How we addressed problem
We addressed our
problem by looking at the most profitable product category and its
promotion location. We then analyzed their relation and determined the
contribution of major promotion locations. Then, to find areas of
growth, we analyzed the complementary goods. All of these were to create
a complete picture as to how Regork can strategize the locations of
product promotions.
Interesting Insights
Our primary insight was
that soft drinks drove more than 50% of the company business,leading far
ahead of other products. In terms of promotion locations, we found out
that in-aisle promotions drove the highest sales among all locations.
This is surprising considering the common assumption that store-front
promotions appeal the most to consumers.
Another insight from our analysis was that promoted products were purchased more often than those without promotions. This shows that promotion campaigns were worth the investment.
Our most surprising insight was that customers bought more complementary goods of soft drinks when they are promoted elsewhere other than in aisle. We do want to clarify that this is what the analysis showed for Soft drinks. We would need further analysis on other big product categories. Nevertheless, the main point is the importance of having a diversified mapping of promotions.
What we propose to Regork
We propose that Regork strategize their promotion locations by decreasing promotions for Soft Drink in areas other than ‘In Aisle’. Ultimately, this will decrease the costs of marketing without affecting the sales of their major contributor, although we understand that it takes time for all the adjustments to kick in.
Our second recommendation is to move the promotions for complementary goods of soft drinks to other locations. Like the previous recommendation, this will reduce the material costs and betofter utilize promotion budget.

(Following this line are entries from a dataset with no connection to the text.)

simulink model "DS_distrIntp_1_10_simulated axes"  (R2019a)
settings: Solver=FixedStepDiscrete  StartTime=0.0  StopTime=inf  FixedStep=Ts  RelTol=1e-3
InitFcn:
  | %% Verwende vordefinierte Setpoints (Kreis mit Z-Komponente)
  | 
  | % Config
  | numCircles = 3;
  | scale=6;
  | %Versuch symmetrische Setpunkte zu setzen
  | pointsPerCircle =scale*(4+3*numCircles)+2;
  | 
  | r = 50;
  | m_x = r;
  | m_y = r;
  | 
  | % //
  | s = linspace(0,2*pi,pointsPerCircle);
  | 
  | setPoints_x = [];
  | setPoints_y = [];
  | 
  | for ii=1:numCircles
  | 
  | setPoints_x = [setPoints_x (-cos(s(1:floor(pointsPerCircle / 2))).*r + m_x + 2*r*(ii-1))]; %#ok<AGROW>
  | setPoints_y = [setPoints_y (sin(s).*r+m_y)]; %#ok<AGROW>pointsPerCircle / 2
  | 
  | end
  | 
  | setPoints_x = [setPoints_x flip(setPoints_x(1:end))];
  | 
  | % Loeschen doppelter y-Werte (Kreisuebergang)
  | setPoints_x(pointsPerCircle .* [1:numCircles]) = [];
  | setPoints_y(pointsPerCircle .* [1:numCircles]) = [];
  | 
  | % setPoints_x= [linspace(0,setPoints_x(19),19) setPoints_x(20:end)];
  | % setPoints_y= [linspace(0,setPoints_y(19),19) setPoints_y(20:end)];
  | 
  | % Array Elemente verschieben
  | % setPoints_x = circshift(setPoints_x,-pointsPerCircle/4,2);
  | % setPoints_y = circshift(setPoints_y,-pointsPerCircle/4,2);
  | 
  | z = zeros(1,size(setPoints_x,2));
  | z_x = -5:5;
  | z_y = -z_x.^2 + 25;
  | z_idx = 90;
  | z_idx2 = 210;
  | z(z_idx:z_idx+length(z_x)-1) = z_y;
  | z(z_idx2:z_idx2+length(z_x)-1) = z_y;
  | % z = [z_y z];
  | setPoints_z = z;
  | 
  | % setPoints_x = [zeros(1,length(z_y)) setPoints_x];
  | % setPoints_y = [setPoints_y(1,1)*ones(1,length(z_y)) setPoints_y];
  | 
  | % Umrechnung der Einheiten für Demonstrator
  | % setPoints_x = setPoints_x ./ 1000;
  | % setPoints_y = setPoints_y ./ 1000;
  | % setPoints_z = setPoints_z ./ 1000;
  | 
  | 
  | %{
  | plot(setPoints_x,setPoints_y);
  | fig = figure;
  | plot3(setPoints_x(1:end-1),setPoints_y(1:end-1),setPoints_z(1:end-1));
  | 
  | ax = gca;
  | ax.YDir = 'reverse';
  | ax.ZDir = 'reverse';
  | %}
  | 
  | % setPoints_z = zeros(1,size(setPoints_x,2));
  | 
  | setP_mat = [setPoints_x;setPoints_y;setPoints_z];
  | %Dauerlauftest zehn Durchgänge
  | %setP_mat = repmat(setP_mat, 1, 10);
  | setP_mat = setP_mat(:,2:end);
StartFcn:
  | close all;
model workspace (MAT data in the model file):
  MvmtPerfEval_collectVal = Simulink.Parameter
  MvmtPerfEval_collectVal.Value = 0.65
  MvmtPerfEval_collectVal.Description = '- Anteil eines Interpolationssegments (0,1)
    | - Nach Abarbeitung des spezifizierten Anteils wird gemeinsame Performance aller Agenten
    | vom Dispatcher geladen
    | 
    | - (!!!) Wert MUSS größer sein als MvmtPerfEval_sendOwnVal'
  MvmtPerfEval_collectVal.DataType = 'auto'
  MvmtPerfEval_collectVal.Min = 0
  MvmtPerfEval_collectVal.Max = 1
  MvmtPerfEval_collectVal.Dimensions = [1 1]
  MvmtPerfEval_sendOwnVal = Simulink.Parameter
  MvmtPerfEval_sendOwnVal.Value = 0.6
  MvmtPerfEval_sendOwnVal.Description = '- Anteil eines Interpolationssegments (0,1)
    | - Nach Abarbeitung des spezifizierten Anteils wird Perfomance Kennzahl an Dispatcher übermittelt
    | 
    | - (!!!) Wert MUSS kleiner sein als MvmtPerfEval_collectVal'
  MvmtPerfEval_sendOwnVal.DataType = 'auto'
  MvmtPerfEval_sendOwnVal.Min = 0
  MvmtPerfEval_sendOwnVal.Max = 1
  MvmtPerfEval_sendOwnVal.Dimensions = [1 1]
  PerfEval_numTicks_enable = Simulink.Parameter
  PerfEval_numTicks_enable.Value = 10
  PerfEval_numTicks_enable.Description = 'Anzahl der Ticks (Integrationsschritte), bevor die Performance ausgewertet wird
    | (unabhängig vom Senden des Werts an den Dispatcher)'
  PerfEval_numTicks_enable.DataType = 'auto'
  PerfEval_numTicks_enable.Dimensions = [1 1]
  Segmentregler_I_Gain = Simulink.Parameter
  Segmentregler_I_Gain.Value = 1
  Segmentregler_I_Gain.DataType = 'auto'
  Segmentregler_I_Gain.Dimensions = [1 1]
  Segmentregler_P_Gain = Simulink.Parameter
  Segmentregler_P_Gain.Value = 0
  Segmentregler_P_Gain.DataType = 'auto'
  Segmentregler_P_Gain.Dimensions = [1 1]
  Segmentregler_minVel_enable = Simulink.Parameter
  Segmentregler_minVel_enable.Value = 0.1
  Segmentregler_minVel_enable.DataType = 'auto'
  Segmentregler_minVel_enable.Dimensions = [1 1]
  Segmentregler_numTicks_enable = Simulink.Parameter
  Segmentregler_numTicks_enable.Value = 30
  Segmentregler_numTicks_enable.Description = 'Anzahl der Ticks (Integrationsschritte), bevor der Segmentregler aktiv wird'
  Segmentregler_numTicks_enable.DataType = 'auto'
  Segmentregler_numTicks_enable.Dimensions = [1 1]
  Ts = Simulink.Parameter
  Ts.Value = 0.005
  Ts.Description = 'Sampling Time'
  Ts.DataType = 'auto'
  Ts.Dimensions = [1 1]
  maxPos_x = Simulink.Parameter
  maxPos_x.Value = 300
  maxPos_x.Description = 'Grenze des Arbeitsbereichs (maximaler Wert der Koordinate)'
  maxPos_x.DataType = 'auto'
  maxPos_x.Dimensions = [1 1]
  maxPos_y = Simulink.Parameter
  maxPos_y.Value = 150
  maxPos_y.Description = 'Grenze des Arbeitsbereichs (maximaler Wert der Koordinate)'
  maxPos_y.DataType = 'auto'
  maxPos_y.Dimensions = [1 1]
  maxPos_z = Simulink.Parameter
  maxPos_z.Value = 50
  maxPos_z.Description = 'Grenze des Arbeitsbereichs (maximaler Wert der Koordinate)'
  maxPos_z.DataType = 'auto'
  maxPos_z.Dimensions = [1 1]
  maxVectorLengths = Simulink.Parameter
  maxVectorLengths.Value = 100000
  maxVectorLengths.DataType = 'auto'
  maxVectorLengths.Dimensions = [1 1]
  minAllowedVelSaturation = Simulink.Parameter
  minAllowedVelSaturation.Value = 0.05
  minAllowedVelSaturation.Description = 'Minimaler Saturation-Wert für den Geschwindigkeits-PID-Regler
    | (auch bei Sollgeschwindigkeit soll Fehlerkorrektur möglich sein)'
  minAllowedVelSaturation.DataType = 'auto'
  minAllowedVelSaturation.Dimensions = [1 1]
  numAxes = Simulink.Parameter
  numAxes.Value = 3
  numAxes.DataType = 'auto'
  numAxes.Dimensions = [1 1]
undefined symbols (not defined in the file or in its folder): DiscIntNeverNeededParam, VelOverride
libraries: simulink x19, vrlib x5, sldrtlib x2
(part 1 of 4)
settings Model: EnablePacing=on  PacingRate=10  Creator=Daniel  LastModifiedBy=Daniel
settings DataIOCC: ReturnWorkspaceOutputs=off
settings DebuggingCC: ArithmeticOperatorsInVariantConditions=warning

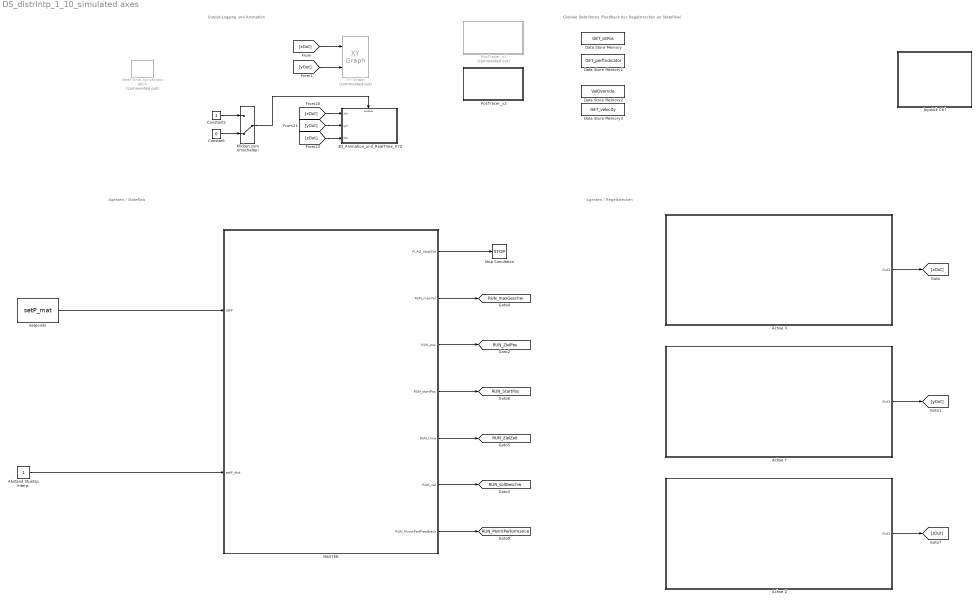
== system DS_distrIntp_1_10_simulated axes ==
  note: Globale DataStores (Feedback der Regelstrecken an Stateflow)
  note: Agenten / Regelstrecken
  note: Agenten / Stateflow
  note: Output-Logging und Animation
  3D_Animation_und_RealTime_XYZ : Subsystem
  Abstand Stuetzp. Interp. : Constant
  Achse X : Subsystem
  Achse Y : Subsystem
  Achse Z : Subsystem
  Constant : Constant  Value=0
  Constant1 : Constant
  Data Store Memory : DataStoreMemory  DataStoreName=GET_istPos  ReadBeforeWriteMsg=warning  WriteAfterWriteMsg=warning  WriteAfterReadMsg=warning  InitialValue=zeros(1,numAxes)  ShowAdditionalParam=off  OutDataTypeStr=double
  Data Store Memory1 : DataStoreMemory  DataStoreName=GET_perfIndicator  ReadBeforeWriteMsg=warning  WriteAfterWriteMsg=warning  WriteAfterReadMsg=warning  InitialValue=zeros(1,numAxes)  ShowAdditionalParam=off  OutDataTypeStr=double
  Data Store Memory2 : DataStoreMemory  DataStoreName=VelOverride  ReadBeforeWriteMsg=warning  WriteAfterWriteMsg=warning  WriteAfterReadMsg=warning  InitialValue=ones(1,numAxes)  ShowAdditionalParam=off  OutDataTypeStr=double
  Data Store Memory3 : DataStoreMemory  DataStoreName=GET_velocity  ReadBeforeWriteMsg=warning  WriteAfterWriteMsg=warning  WriteAfterReadMsg=warning  InitialValue=zeros(1,numAxes)  ShowAdditionalParam=off  OutDataTypeStr=double
  Joystick Ctrl : Subsystem
  Klicken zum Umschalten : ManualSwitch  CurrentSetting=0
  MASTER : Stateflow chart  TreatAsAtomicUnit=on
  PosTracer_v1 : Stateflow chart  Commented=on  BlockKeywords=__PRM__SERIALIZED__DATA__:Stateflow Chart,Stateflow Diagram  TreatAsAtomicUnit=on
  PosTracer_v2 : Stateflow chart  BlockKeywords=__PRM__SERIALIZED__DATA__:Stateflow Chart,Stateflow Diagram  TreatAsAtomicUnit=on
  Real-Time Synchronization : sldrtlib/Real-Time Synchronization  Commented=on  SampleTime=0.005  MaxMissedTicks=1000  ShowMissedTicks=off  YieldWhenWaiting=off
  Setpoints : Constant  Value=setP_mat
  Stop Simulation : Stop
  XY Graph : simulink/Sinks/XY Graph  Commented=on  xmin=0  xmax=maxPos_x  ymin=0  ymax=maxPos_y  st=-1
  tag scope: RUN_MvmtPerformance=global, RUN_StartPos=global, RUN_ZielPos=global, RUN_ZielZeit=global, RUN_maxGeschw=global, RUN_sollGeschw=global
  wires:
  Abstand Stuetzp. Interp./1 -> MASTER/2(setP_dist)
  Setpoints/1 -> MASTER/1(setP)
  Achse X/1(Out1) -> [xOut]
  [xOut] -> XY Graph/1
  [yOut] -> XY Graph/2
  Constant/1 -> Klicken zum Umschalten/2
  Constant1/1 -> Klicken zum Umschalten/1
  [xOut] -> 3D_Animation_und_RealTime_XYZ/1(xIn)
  [yOut] -> 3D_Animation_und_RealTime_XYZ/2(yIn)
  [zOut] -> 3D_Animation_und_RealTime_XYZ/3(zIn)
  MASTER/1(FLAG_stopSim) -> Stop Simulation/1
  MASTER/2(RUN_maxVel) -> [RUN_maxGeschw]
  MASTER/3(RUN_pos) -> [RUN_ZielPos]
  MASTER/4(RUN_startPos) -> [RUN_StartPos]
  MASTER/5(RUN_time) -> [RUN_ZielZeit]
  MASTER/6(RUN_vel) -> [RUN_sollGeschw]
  Achse Y/1(Out1) -> [yOut]
  Achse Z/1(Out1) -> [zOut]
  Klicken zum Umschalten/1 -> 3D_Animation_und_RealTime_XYZ/Enable
  MASTER/7(RUN_MvmtPerfFeedback) -> [RUN_MvmtPerformance]

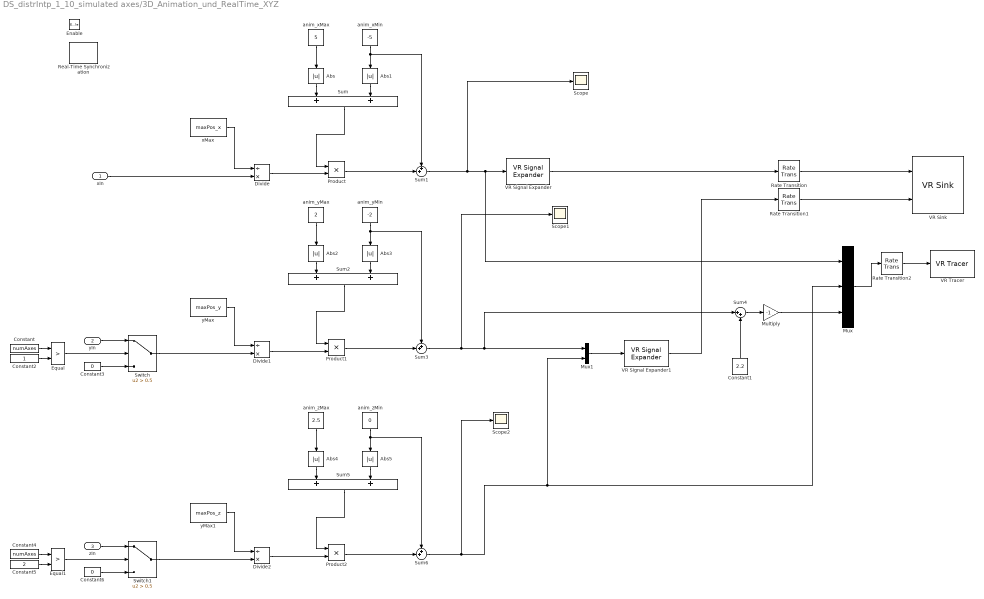
== system DS_distrIntp_1_10_simulated axes/3D_Animation_und_RealTime_XYZ ==
  xIn : Inport
  yIn : Inport  Port=2
  zIn : Inport  Port=3
  Enable : EnablePort
  Abs{,1..5} (6 alike) : Abs
  Constant : Constant  Value=numAxes
  Constant1 : Constant  Value=2.2
  Constant2 : Constant
  Constant3 : Constant  Value=0
  Constant4 : Constant  Value=numAxes
  Constant5 : Constant  Value=2
  Constant6 : Constant  Value=0
  Divide : Product  Inputs=/*
  Divide1 : Product  Inputs=/*
  Divide2 : Product  Inputs=/*
  Equal : RelationalOperator  Operator=>  OutDataTypeStr=boolean  RndMeth=Simplest
  Equal1 : RelationalOperator  Operator=>  OutDataTypeStr=boolean  RndMeth=Simplest
  Multiply : Gain  Gain=-1
  Mux : Mux  Inputs=3
  Mux1 : Mux  Inputs=2
  Product : Product
  Product1 : Product
  Product2 : Product
  Rate Transition : RateTransition  OutPortSampleTime=0.1
  Rate Transition1 : RateTransition  OutPortSampleTime=0.1
  Rate Transition2 : RateTransition  OutPortSampleTime=0.3
  Real-Time Synchronization : sldrtlib/Real-Time Synchronization  SampleTime=0.005  MaxMissedTicks=1000  ShowMissedTicks=off  YieldWhenWaiting=off
  Scope : Scope
  Scope1 : Scope
  Scope2 : Scope
  Sum : Sum
  Sum1 : Sum  Inputs=++|
  Sum2 : Sum
  Sum3 : Sum  Inputs=++|
  Sum4 : Sum  Inputs=|++
  Sum5 : Sum
  Sum6 : Sum  Inputs=++|
  Switch : Switch  Criteria=u2 > Threshold  Threshold=0.5
  Switch1 : Switch  Criteria=u2 > Threshold  Threshold=0.5
  VR Signal Expander : vrlib/VR Signal Expander  outwidth=3  outidx=1
      settings: SourceProductName=Simulink
  VR Signal Expander1 : vrlib/VR Signal Expander  outwidth=3  outidx=[1 2]
      settings: SourceProductName=Simulink
  VR Sink : vrlib/VR Sink  InstantiateOnLoad=on  SampleTime=-1  ViewEnable=on  RemoteChange=off  RemoteView=off  FieldsWritten=yAchse.translation.3.1.1.double#TCP.translation.3.1.1.double  WorldFileName=DS_MA_3dworld.wrl  WorldDescription=DS_MA_3dworld  AutoView=on  VideoDimensions=[]  AllowVariableSize=off  FigureProperties="{'Position', 'Name', 'Viewpoint', 'CameraBound', 'CameraDirection', 'CameraPosition', 'CameraUpVector', 'ZoomFactor', 'Antialiasing', 'Headlight', 'Lighting', 'NavPanel', 'Sound', 'StatusBar', 'Stereo3D', 'Stereo3DCameraOffset', 'Stereo3DHIT', 'ToolBar', 'Textures', 'Transparency', 'Triad', 'Wireframe', 'NavZones', 'NavMode', 'NavSpeed', 'CaptureFileFormat', 'CaptureFileName', 'Record2DCompressMethod', 'Record2DCompressQuality', 'Record2D', 'Record2DFileName', 'Record2DFPS'; [5.0000000000000000e+00   9.2000000000000000e+01   5.7600000000000000e+02   3.5000000000000000e+02], 'DS_MA_3dworld', '_untitled_1', 'on', [0.0000000000000000e+00   0.0000000000000000e+00  -1.0000000000000000e+00], [0.0000000000000000e+00   0.0000000000000000e+00   0.0000000000000000e+00], [0.0000000000000000e+00   1.0000000000000000e+00   0.0000000000000000e+00], [1.0000000000000000e+00], 'on', 'on', 'on', 'halfbar', 'on', 'on', 'off', [1.0000000149011612e-01], [0.0000000000000000e+00], 'on', 'on', 'on', 'none', 'off', 'off', 'fly', 'normal', 'tif', '%f_anim_%n.tif', 'auto', [7.5000000000000000e+01], 'off', '%f_anim_%n.avi', 'auto'}"
      settings: SourceProductName=Simulink
  VR Tracer : vrlib/VR Tracer  VrmlFile=DS_MA_3dworld.wrl  MarkerName=Tetrahedron  UseLines=on  UseTriads=on  MarkerScale=[0.1 0.1 0.1]  MarkerColorSelection=Selected from color list  MarkerColor=red  rgbval=[1 0 0]  Ts=0.3  ForceViewerOpen=off  ConnectPlane=off  PlaneCoeff=[0 1 0 0]  ConnectPoint=None  PointCoord=[0 0 0]
      settings: SourceProductName=Simulink  SourceProductBaseCode=SL
  anim_xMax : Constant  Value=5
  anim_xMin : Constant  Value=-5
  anim_yMax : Constant  Value=2
  anim_yMin : Constant  Value=-2
  anim_zMax : Constant  Value=2.5
  anim_zMin : Constant  Value=0
  xMax : Constant  Value=maxPos_x
  yMax : Constant  Value=maxPos_y
  yMax1 : Constant  Value=maxPos_z
  wires:
  Constant1/1 -> Sum4/2
  Sum4/1 -> Multiply/1
  Multiply/1 -> Mux/3
  Rate Transition2/1 -> VR Tracer/1
  Mux/1 -> Rate Transition2/1
  Rate Transition1/1 -> VR Sink/2
  Rate Transition/1 -> VR Sink/1
  VR Signal Expander/1 -> Rate Transition/1
  VR Signal Expander1/1 -> Rate Transition1/1
  Sum3/1 -> Mux1/1, Sum4/1, Scope1/1
  Sum1/1 -> VR Signal Expander/1, Mux/1, Scope/1
  Switch/1 -> Divide1/2
  yMax/1 -> Divide1/1
  anim_yMax/1 -> Abs2/1
  anim_yMin/1 -> Sum3/1, Abs3/1
  Abs2/1 -> Sum2/1
  Abs3/1 -> Sum2/2
  Divide1/1 -> Product1/2
  Sum2/1 -> Product1/1
  Product1/1 -> Sum3/2
  Product/1 -> Sum1/2
  Sum/1 -> Product/1
  Divide/1 -> Product/2
  Abs1/1 -> Sum/2
  Abs/1 -> Sum/1
  anim_xMin/1 -> Abs1/1, Sum1/1
  anim_xMax/1 -> Abs/1
  xMax/1 -> Divide/1
  xIn/1 -> Divide/2
  Product2/1 -> Sum6/2
  Sum5/1 -> Product2/1
  Divide2/1 -> Product2/2
  Abs5/1 -> Sum5/2
  Abs4/1 -> Sum5/1
  anim_zMin/1 -> Abs5/1, Sum6/1
  anim_zMax/1 -> Abs4/1
  yMax1/1 -> Divide2/1
  Switch1/1 -> Divide2/2
  Sum6/1 -> Scope2/1, Mux1/2, Mux/2
  Mux1/1 -> VR Signal Expander1/1
  Constant/1 -> Equal/1
  Constant2/1 -> Equal/2
  yIn/1 -> Switch/1
  Equal/1 -> Switch/2
  Constant3/1 -> Switch/3
  Constant6/1 -> Switch1/3
  Equal1/1 -> Switch1/2
  zIn/1 -> Switch1/1
  Constant5/1 -> Equal1/2
  Constant4/1 -> Equal1/1

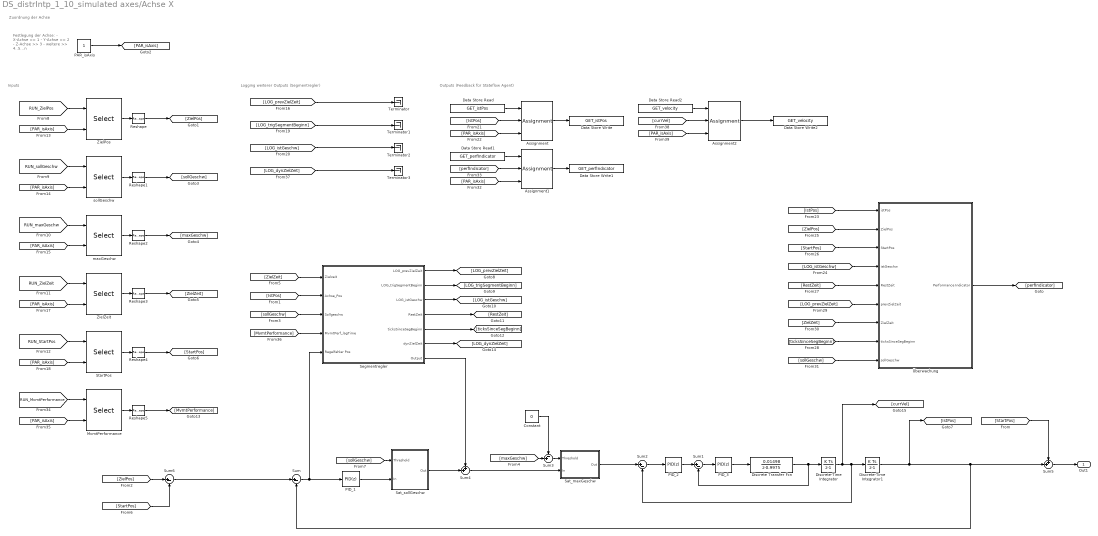
== system DS_distrIntp_1_10_simulated axes/Achse X ==
  note: Outputs (Feedback für Stateflow Agent)
  note: Logging weiterer Outputs (Segmentregler)
  note: Zuordnung der Achse
  note: Festlegung der Achse:
      | - X-Achse >> 1
      | - Y-Achse >> 2
      | - Z-Achse >> 3
      | - weitere >> 4..5...n
  note: Inputs
  Assignment : Assignment  DiagnosticForDimensions=Warning  IndexOptions=Index vector (port)  Indices=1  OutputSizes=1
  Assignment1 : Assignment  DiagnosticForDimensions=Warning  IndexOptions=Index vector (port)  Indices=1  OutputSizes=1
  Assignment2 : Assignment  DiagnosticForDimensions=Warning  IndexOptions=Index vector (port)  Indices=1  OutputSizes=1
  Constant : Constant  Value=0
  Data Store Read : DataStoreRead  DataStoreName=GET_istPos
  Data Store Read1 : DataStoreRead  DataStoreName=GET_perfIndicator
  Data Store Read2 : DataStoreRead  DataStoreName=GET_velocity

Finally, we encourage Regork to display promotions for complementary products such as chicken/poultry and salad bar, since they’re commonly bought with soft drinks and promoting these may drive sales for the business.
Limitations of Analysis
The limitation of our analysis lies in the relations between our findings and campaigns. If we had more time, we would’ve analyzed the performance of each location by campaign length. We would’ve also implemented the factor of seasonality. Additionally, as mentioned, we only analyzed certain product category that we assumed the most valuable for the company. This type of study could be done for other product categories.